→ Task prompt: Lines with "ezdxf" in them are to be located in the listing below and copied.

→ Exercise material:
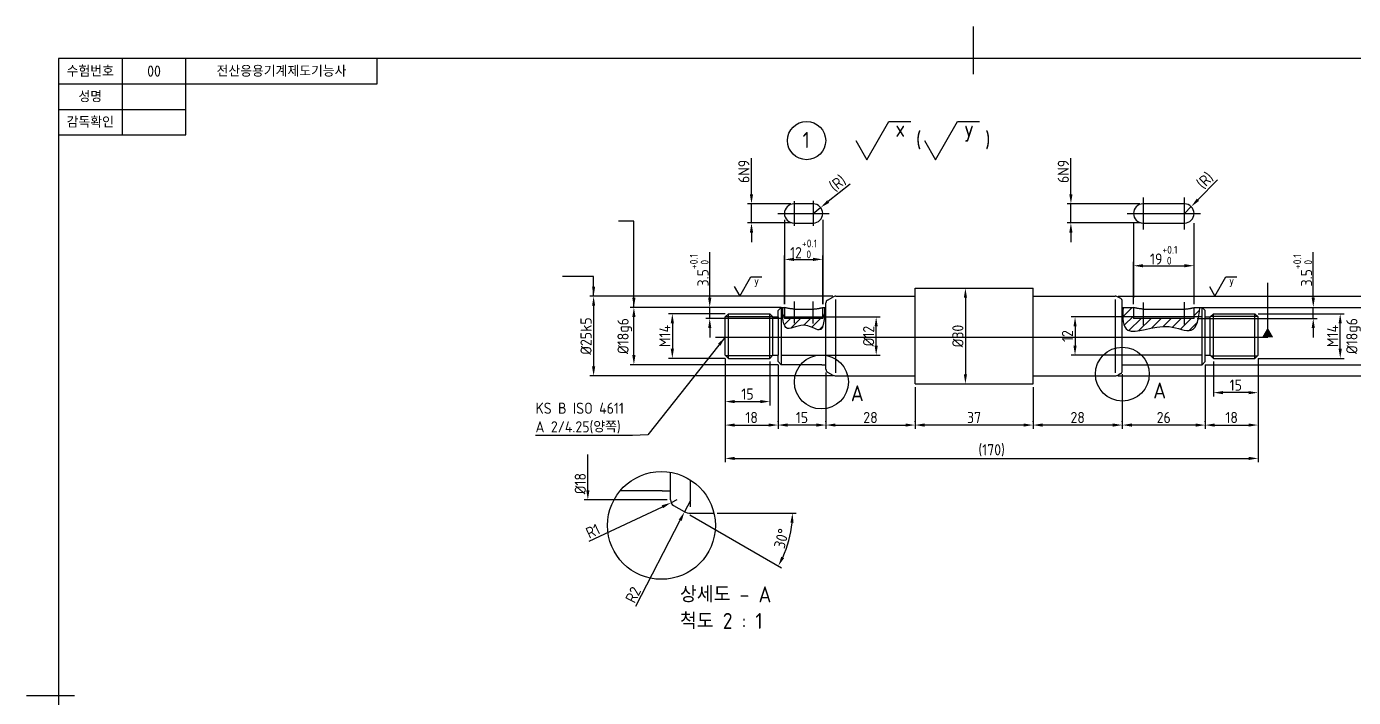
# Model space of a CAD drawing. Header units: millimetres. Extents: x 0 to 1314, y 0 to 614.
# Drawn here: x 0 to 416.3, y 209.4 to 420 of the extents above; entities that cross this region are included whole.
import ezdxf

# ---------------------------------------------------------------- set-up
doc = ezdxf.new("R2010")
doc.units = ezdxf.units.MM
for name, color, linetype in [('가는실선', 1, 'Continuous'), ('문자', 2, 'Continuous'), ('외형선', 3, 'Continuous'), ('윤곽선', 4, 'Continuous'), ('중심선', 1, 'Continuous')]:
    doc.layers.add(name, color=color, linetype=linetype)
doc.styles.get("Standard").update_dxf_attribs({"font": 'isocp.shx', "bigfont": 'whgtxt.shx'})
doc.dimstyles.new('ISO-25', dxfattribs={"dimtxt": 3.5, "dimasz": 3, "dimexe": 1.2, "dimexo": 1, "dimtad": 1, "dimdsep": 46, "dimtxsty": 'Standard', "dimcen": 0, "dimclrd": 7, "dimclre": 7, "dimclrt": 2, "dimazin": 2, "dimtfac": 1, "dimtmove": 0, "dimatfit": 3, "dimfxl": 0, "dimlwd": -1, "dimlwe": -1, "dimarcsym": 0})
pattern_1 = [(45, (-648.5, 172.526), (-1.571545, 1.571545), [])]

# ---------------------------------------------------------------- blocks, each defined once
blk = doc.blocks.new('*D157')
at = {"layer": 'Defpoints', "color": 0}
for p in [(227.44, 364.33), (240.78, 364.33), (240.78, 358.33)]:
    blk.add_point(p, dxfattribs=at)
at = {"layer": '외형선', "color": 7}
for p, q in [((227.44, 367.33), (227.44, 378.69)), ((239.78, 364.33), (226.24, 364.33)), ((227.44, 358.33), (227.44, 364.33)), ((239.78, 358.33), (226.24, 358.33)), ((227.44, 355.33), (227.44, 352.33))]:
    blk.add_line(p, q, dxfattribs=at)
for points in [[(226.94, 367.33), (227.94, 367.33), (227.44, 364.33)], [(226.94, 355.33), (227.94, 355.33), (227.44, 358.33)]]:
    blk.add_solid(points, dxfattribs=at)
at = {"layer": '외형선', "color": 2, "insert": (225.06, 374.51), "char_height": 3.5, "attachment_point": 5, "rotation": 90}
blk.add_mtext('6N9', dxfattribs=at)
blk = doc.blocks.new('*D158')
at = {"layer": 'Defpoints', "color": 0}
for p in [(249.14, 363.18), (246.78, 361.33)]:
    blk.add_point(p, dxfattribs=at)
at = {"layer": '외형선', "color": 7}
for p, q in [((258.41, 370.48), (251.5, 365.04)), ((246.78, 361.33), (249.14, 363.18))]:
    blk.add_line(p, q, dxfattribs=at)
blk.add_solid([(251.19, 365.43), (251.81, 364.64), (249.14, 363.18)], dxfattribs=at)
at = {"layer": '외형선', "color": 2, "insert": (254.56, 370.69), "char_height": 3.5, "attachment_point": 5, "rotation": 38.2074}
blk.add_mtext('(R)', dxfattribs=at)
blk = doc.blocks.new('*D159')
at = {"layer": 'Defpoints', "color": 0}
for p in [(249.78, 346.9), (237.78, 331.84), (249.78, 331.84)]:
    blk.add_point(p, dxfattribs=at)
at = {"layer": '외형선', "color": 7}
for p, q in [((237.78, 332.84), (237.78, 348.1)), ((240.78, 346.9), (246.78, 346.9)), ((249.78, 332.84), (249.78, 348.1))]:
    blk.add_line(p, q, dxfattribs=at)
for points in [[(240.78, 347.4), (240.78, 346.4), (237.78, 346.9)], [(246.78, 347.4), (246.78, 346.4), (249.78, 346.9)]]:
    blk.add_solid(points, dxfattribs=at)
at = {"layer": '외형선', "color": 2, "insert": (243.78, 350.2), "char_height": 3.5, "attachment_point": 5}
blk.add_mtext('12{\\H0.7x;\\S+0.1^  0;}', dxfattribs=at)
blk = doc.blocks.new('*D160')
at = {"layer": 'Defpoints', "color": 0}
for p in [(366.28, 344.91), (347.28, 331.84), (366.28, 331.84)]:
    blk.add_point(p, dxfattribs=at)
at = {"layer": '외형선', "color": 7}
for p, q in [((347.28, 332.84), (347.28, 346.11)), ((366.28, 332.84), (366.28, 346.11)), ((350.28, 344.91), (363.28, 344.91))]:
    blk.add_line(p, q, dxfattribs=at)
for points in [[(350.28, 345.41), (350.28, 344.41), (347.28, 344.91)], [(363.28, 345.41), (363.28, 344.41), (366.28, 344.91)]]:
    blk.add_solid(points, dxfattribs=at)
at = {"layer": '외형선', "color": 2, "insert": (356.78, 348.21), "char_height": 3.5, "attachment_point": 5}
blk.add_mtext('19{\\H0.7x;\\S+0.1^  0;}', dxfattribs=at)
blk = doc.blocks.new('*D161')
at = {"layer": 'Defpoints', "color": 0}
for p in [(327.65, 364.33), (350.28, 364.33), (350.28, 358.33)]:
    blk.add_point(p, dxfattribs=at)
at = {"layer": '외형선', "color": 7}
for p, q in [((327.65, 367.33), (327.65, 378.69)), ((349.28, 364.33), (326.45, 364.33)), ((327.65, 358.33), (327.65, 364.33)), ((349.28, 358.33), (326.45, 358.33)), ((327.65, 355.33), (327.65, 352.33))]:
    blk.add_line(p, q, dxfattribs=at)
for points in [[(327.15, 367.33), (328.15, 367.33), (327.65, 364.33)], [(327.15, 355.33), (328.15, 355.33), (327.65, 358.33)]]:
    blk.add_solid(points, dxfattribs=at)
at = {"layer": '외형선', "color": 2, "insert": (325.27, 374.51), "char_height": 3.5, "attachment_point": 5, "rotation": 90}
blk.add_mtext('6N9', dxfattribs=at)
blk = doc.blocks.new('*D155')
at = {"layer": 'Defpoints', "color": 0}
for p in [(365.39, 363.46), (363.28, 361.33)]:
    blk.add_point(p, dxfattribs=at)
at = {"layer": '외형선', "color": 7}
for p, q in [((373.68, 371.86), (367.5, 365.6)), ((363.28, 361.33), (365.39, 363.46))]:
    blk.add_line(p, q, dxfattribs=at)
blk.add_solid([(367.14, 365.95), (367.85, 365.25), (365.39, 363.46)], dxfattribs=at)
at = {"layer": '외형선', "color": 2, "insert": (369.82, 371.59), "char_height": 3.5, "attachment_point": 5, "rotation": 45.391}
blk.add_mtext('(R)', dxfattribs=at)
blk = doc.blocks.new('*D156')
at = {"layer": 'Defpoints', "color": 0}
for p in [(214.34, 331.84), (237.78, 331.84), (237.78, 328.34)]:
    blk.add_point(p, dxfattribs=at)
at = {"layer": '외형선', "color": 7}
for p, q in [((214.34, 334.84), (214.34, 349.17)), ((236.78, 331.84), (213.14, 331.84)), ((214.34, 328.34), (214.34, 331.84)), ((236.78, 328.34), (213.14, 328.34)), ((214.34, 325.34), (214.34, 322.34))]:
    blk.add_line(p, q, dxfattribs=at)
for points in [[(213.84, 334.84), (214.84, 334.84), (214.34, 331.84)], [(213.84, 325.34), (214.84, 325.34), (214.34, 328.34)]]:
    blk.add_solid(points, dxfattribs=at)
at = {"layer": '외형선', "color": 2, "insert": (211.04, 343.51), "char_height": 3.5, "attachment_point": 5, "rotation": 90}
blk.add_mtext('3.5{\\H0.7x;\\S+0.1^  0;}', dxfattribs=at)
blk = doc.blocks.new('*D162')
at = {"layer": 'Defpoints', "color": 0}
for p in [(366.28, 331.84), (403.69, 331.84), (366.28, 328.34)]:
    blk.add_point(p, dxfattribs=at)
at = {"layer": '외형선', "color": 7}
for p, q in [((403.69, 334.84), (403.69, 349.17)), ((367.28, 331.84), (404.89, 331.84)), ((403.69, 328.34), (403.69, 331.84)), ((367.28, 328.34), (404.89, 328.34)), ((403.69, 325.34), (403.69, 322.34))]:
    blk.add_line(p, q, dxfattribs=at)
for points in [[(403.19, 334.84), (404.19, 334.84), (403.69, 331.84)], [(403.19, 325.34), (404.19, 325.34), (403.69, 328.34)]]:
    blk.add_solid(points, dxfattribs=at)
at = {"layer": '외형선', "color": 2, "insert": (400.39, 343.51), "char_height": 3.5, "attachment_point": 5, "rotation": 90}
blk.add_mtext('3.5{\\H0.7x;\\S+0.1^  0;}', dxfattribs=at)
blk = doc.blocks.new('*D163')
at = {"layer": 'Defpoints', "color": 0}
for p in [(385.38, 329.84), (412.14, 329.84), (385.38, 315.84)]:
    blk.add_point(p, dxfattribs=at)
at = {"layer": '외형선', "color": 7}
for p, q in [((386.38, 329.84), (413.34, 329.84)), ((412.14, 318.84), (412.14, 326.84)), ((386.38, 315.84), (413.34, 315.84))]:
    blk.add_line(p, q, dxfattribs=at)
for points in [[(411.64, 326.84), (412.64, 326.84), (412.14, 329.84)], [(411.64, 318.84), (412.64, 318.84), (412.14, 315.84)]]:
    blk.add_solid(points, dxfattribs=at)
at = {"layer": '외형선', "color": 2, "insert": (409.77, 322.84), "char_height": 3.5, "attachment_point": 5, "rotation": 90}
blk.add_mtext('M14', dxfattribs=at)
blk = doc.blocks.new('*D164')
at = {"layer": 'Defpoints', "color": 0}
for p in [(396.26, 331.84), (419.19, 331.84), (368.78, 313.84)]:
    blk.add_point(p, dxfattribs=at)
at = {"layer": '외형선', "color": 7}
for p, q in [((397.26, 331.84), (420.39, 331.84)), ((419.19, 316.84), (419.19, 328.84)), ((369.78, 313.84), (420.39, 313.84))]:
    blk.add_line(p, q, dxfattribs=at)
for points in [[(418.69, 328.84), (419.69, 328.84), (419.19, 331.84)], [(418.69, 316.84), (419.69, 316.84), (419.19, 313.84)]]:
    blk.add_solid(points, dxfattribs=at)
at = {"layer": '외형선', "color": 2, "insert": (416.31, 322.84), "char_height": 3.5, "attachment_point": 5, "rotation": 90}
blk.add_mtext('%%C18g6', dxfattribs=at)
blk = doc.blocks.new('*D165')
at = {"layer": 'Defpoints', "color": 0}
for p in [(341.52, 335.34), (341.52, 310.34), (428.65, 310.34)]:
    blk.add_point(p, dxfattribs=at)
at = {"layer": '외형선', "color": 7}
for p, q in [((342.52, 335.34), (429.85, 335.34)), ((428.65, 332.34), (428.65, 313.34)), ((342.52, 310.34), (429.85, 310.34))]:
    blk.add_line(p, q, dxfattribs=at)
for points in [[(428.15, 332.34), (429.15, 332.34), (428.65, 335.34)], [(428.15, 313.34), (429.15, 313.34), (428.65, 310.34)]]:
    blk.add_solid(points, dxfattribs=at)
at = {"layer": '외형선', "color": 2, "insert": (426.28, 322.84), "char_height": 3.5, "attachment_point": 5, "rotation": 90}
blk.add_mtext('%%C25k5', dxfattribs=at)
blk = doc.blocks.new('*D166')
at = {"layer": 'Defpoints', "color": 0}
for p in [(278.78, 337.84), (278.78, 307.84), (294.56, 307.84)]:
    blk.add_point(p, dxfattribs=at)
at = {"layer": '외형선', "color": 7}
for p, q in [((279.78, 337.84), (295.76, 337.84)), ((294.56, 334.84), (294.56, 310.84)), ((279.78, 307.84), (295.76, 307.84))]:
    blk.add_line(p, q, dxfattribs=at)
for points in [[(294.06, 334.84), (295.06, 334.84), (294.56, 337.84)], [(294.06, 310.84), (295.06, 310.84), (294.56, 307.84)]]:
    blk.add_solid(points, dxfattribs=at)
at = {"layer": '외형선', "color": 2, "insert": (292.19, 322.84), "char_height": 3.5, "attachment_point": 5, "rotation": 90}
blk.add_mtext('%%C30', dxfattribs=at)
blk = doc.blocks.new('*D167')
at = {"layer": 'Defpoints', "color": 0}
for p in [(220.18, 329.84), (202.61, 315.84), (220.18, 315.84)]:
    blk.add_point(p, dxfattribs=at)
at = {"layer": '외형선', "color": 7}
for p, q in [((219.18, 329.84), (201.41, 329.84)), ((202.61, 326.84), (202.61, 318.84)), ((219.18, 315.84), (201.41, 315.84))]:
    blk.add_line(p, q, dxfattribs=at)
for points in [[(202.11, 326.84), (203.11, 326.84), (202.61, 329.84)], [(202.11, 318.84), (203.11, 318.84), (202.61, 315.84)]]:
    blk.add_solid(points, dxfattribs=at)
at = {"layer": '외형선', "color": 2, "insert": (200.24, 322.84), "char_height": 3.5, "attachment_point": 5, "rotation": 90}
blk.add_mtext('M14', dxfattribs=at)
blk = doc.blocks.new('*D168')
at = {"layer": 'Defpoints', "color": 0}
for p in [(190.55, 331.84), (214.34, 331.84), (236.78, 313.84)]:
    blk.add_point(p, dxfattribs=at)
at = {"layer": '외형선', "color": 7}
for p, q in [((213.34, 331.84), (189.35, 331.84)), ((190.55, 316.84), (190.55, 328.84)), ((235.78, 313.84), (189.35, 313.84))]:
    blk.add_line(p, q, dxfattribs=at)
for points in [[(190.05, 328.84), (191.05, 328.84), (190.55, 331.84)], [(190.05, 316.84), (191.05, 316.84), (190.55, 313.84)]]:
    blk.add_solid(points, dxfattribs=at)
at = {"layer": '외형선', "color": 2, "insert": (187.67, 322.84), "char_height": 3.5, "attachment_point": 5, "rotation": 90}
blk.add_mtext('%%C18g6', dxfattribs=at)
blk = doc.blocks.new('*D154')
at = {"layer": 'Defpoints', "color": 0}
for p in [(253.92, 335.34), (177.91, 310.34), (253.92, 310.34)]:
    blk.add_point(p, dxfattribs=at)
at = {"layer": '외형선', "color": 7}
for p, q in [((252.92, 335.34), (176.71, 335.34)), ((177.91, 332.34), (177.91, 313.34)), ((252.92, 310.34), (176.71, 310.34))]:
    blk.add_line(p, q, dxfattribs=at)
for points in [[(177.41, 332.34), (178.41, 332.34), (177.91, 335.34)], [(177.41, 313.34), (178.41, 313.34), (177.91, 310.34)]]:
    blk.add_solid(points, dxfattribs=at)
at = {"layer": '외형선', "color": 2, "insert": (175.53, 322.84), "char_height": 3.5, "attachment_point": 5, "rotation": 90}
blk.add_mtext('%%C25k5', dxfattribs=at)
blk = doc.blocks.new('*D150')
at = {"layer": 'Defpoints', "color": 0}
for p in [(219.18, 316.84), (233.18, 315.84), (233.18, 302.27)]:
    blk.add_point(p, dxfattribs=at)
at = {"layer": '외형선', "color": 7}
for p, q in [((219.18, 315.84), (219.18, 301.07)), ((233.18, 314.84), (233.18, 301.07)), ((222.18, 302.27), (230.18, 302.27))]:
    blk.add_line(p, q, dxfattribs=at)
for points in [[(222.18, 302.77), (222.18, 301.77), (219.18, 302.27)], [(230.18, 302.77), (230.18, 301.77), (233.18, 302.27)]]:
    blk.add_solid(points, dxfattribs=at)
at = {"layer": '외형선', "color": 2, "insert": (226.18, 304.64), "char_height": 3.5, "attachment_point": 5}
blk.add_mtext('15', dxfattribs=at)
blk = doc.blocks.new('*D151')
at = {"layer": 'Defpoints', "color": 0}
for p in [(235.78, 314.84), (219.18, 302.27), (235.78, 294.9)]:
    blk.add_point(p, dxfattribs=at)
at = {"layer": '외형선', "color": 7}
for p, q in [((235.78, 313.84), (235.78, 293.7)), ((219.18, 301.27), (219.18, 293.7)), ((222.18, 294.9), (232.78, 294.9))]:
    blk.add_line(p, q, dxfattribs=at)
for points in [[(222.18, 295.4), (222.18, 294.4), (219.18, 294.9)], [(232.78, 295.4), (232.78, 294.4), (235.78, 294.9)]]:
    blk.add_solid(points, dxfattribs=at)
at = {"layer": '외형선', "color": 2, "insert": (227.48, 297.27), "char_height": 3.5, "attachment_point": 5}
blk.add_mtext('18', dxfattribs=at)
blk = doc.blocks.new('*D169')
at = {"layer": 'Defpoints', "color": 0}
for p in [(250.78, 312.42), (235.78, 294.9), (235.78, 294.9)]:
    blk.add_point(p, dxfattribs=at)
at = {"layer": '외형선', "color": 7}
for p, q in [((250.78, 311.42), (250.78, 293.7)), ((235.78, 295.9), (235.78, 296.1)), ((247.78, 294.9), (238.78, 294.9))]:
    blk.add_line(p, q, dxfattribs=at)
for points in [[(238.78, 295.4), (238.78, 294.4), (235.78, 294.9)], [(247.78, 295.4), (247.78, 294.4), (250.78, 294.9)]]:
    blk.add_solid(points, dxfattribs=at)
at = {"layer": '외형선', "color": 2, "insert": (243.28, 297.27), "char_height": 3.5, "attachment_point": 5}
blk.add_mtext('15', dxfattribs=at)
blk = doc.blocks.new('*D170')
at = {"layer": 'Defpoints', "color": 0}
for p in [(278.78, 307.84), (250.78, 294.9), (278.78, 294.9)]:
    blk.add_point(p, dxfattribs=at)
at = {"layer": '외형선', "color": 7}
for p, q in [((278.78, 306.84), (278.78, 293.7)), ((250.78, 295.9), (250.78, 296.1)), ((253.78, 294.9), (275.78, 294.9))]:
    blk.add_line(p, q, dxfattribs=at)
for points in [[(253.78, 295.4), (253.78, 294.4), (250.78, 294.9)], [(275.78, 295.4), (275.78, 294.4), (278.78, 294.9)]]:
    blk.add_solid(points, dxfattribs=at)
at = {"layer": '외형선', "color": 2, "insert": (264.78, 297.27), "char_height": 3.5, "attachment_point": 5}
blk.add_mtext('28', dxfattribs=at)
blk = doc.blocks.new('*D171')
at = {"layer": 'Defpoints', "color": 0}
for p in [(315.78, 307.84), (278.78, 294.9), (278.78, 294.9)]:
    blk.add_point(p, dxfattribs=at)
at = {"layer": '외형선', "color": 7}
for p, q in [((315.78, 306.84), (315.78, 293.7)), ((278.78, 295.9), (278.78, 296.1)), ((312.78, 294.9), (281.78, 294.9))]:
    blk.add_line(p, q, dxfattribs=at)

→ Your response:
import ezdxf
doc = ezdxf.new("R2010")
doc.units = ezdxf.units.MM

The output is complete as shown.